Ao ver a propaganda sobre o Desenrola na mídia, Danilo correu para ver se conseguia negociar sua pendência.“Por curiosidade fui ver se a minha dívida estava disponível para renegociação, estava e com um belo desconto! O valor para quitar ficou em apenas R$ 56,11. Realmente, é um programa que, a meu ver, está funcionando”.

Tudo azul

O mesmo aconteceu com Pedro Enrique Sarmento, estudante de engenharia, que renegociou sua dívida de R$ 2.600 através do programa do governo e pagou apenas R$ 96. “Tive 96% de desconto, foi um uma negociação que veio a calhar”, comemora.

Através da plataforma online do governo, milhões de brasileiros estão sendo beneficiados. “Essa medida é de extrema importância para a economia do País, pois estimula o crescimento e o aquecimento do mercado”, afirma o especialista em finanças Ricardo Holz.

No entanto, é preciso ressaltar que existem desafios a serem enfrentados para que o programa seja efetivamente bem-sucedido. Um deles é a obrigatoriedade do cadastro através da plataforma Gov.br – o portal de dados cadastrais do governo federal. É necessário que o cidadão faça o cadastro e alcance os níveis de certificação prata ou ouro para acessar a plataforma de negociação.

A grande dificuldade do governo está nesse ponto, pois a maior parte das pessoas elegíveis para participar do programa, 44% de acordo com o ministro da Fazenda, Fernando Haddad, não sabe como entrar no portal ou sequer sabe da sua existência. “Acredito que será necessário uma reeducação ou até educação do cidadão de como acessar e se cadastrar no Gov.br para que esse cidadão possa atender os níveis de certificação para o Desenrola”, explica Holz.

Além disso, é necessário, segundo especialistas, que o governo invista em educação financeira, inclusive nas escolas, para que as pessoas tenham uma melhor compreensão sobre como lidar com dinheiro e evitar o endividamento.

“A pauta do endividamento e da educação financeira nunca foi tão debatida no Brasil como agora”, comenta Patrícia Camilo, especialista em finanças da Serasa.

É importante destacar que o Desenrola Brasil não se trata de uma medida econômica profunda, mas sim de uma ajuda para as pessoas saírem das dívidas que as deixam com o nome sujo na Serasa.

O psicólogo Felipe Romão conseguiu negociar duas pendências e pretende não se atrapalhar mais para não voltar a ficar no vermelho. “O débito que tinha foi por conta de um imprevisto familiar e os juros se tornaram abusivos.
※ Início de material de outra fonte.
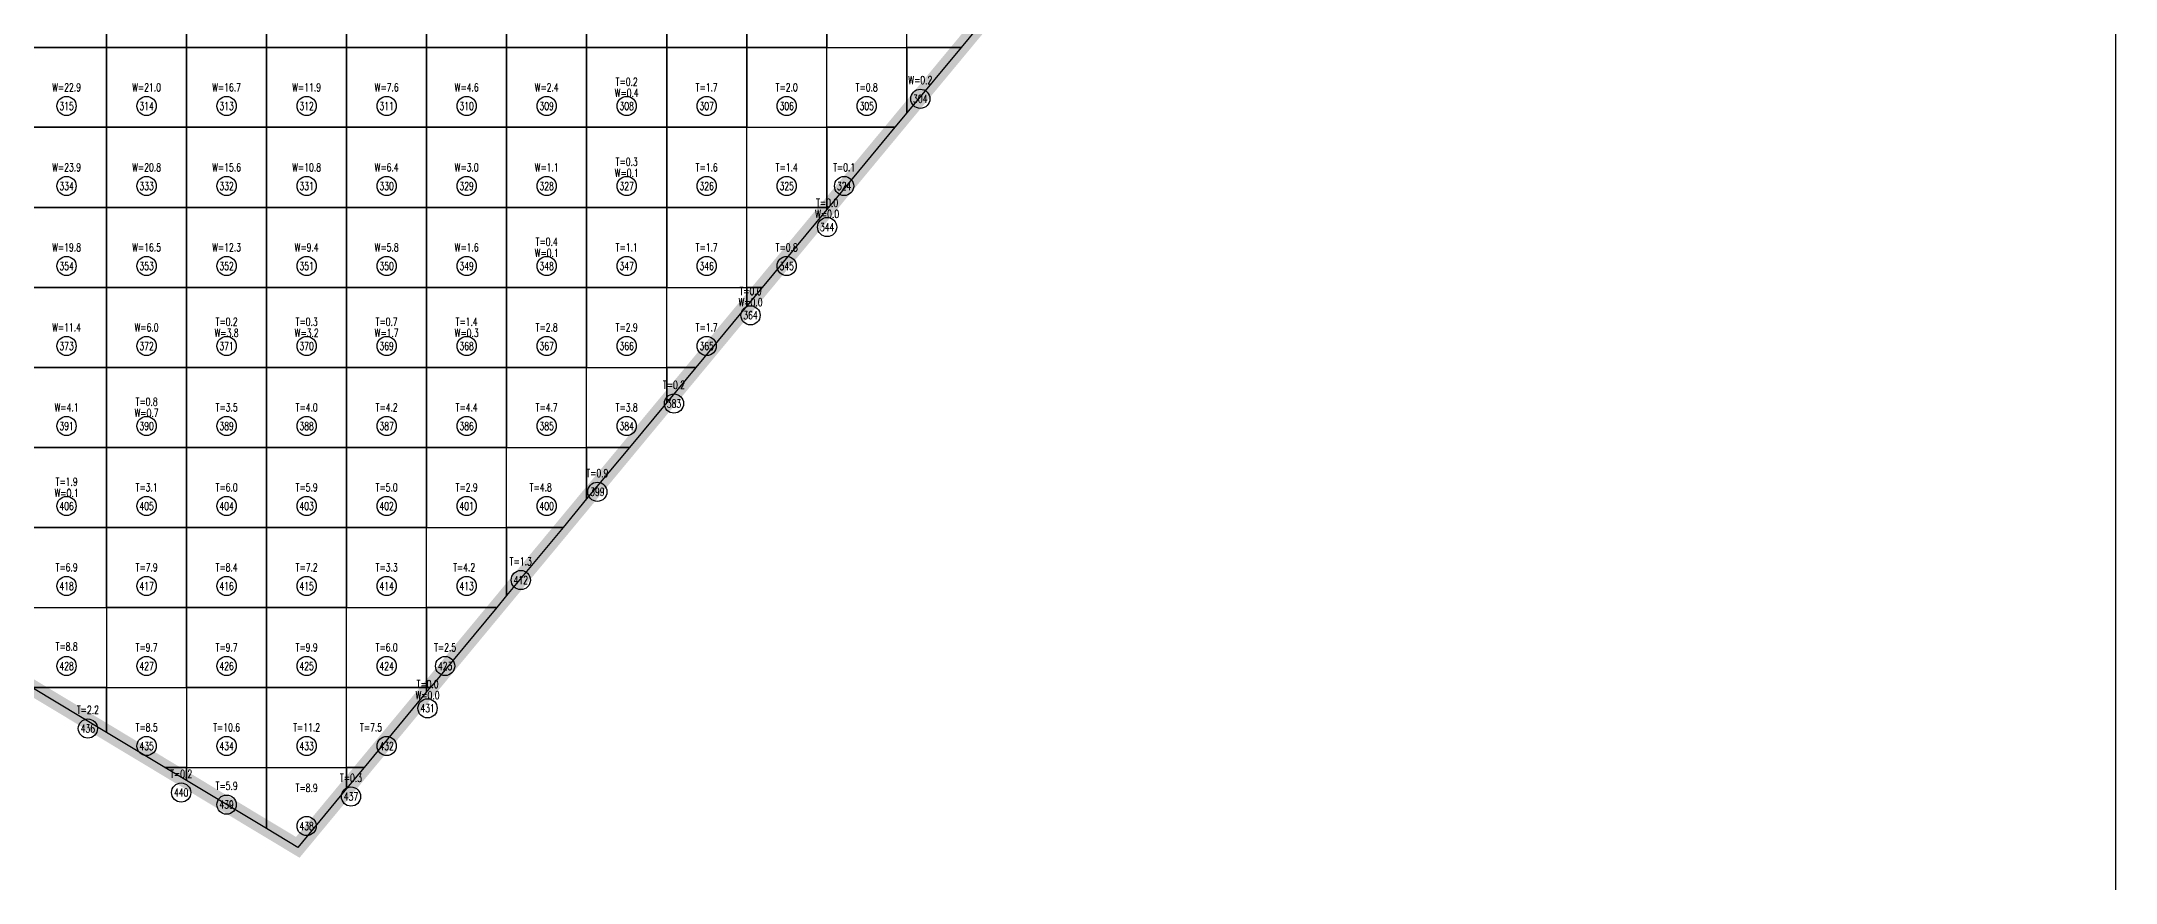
# Model space of a CAD drawing. Extents: x 4283 to 40403, y 1134 to 1764.
# Drawn here: x 28767.1 to 28853.5, y 1573.4 to 1608.4 of the extents above; entities that cross this region are included whole.
import ezdxf
from ezdxf.enums import TextEntityAlignment as Align

# ---------------------------------------------------------------- set-up
doc = ezdxf.new("R2010")
doc.units = 0
for name, color, linetype in [('tdz_2-3方格网', 2, 'Continuous'), ('tdz_2-3方格网计算', 7, 'Continuous'), ('tdz_土方计算图', 7, 'Continuous'), ('tdz_格田', 6, 'Continuous')]:
    doc.layers.add(name, color=color, linetype=linetype)
doc.styles.add('GLandNum', font='txt_____.ttf', dxfattribs={"width": 0.7, "height": 0.5})

msp = doc.modelspace()

# ---------------------------------------------------------------- linework, layer by layer
at = {"layer": 'tdz_2-3方格网', "linetype": 'Continuous'}
for points in [[(28766.434, 1611.521, 2285.158), (28766.434, 1608.188, 2285.169), (28769.767, 1608.188, 2285.133), (28769.767, 1611.521, 2285.073)], [(28769.767, 1611.521, 2285.073), (28769.767, 1608.188, 2285.133), (28773.101, 1608.188, 2285.009), (28773.101, 1611.521, 2284.95)], [(28773.101, 1611.521, 2284.95), (28773.101, 1608.188, 2285.009), (28776.434, 1608.188, 2284.825), (28776.434, 1611.521, 2284.827)], [(28776.434, 1611.521, 2284.827), (28776.434, 1608.188, 2284.825), (28779.767, 1608.188, 2284.643), (28779.767, 1611.521, 2284.699)], [(28779.767, 1611.521, 2284.699), (28779.767, 1608.188, 2284.643), (28783.101, 1608.188, 2284.506), (28783.101, 1611.521, 2284.565)], [(28783.101, 1611.521, 2284.565), (28783.101, 1608.188, 2284.506), (28786.434, 1608.188, 2284.389), (28786.434, 1611.521, 2284.429)], [(28786.434, 1611.521, 2284.429), (28786.434, 1608.188, 2284.389), (28789.767, 1608.188, 2284.265), (28789.767, 1611.521, 2284.277)], [(28789.767, 1611.521, 2284.277), (28789.767, 1608.188, 2284.265), (28793.101, 1608.188, 2284.141), (28793.101, 1611.521, 2284.137)], [(28793.101, 1611.521, 2284.137), (28793.101, 1608.188, 2284.141), (28796.434, 1608.188, 2284.037), (28796.434, 1611.521, 2284.068)], [(28796.434, 1611.521, 2284.068), (28796.434, 1608.188, 2284.037), (28799.767, 1608.188, 2284.009), (28799.767, 1611.521, 2284.041)], [(28799.767, 1611.521, 2284.041), (28799.767, 1608.188, 2284.009), (28803.101, 1608.188, 2284), (28803.101, 1611.521, 2284.013)], [(28805.366, 1608.188, 2284), (28803.101, 1608.188, 2284), (28803.101, 1611.521, 2284.013), (28806.434, 1611.521, 2284), (28806.434, 1609.477, 2284)], [(28766.434, 1608.188, 2285.169), (28766.434, 1604.855, 2285.212), (28769.767, 1604.855, 2285.133), (28769.767, 1608.188, 2285.133)], [(28769.767, 1608.188, 2285.133), (28769.767, 1604.855, 2285.133), (28773.101, 1604.855, 2284.953), (28773.101, 1608.188, 2285.009)], [(28773.101, 1608.188, 2285.009), (28773.101, 1604.855, 2284.953), (28776.434, 1604.855, 2284.769), (28776.434, 1608.188, 2284.825)], [(28776.434, 1608.188, 2284.825), (28776.434, 1604.855, 2284.769), (28779.767, 1604.855, 2284.59), (28779.767, 1608.188, 2284.643)], [(28779.767, 1608.188, 2284.643), (28779.767, 1604.855, 2284.59), (28783.101, 1604.855, 2284.419), (28783.101, 1608.188, 2284.506)], [(28783.101, 1608.188, 2284.506), (28783.101, 1604.855, 2284.419), (28786.434, 1604.855, 2284.31), (28786.434, 1608.188, 2284.389)], [(28786.434, 1608.188, 2284.389), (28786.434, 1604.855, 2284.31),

Agora pretendo não fazer mais dívidas que me atrapalhem”, explica o psicólogo.

Apesar dos desafios, é inegável que o Desenrola Brasil tem o potencial de impulsionar a economia do País em curto prazo. Com milhões de brasileiros tendo a oportunidade de voltar a consumir, é possível vislumbrar um crescimento econômico expressivo. “Mas é preciso tomar cuidado com o voo de galinha, para que o endividamento não volte a subir”, alerta Ricardo Holz.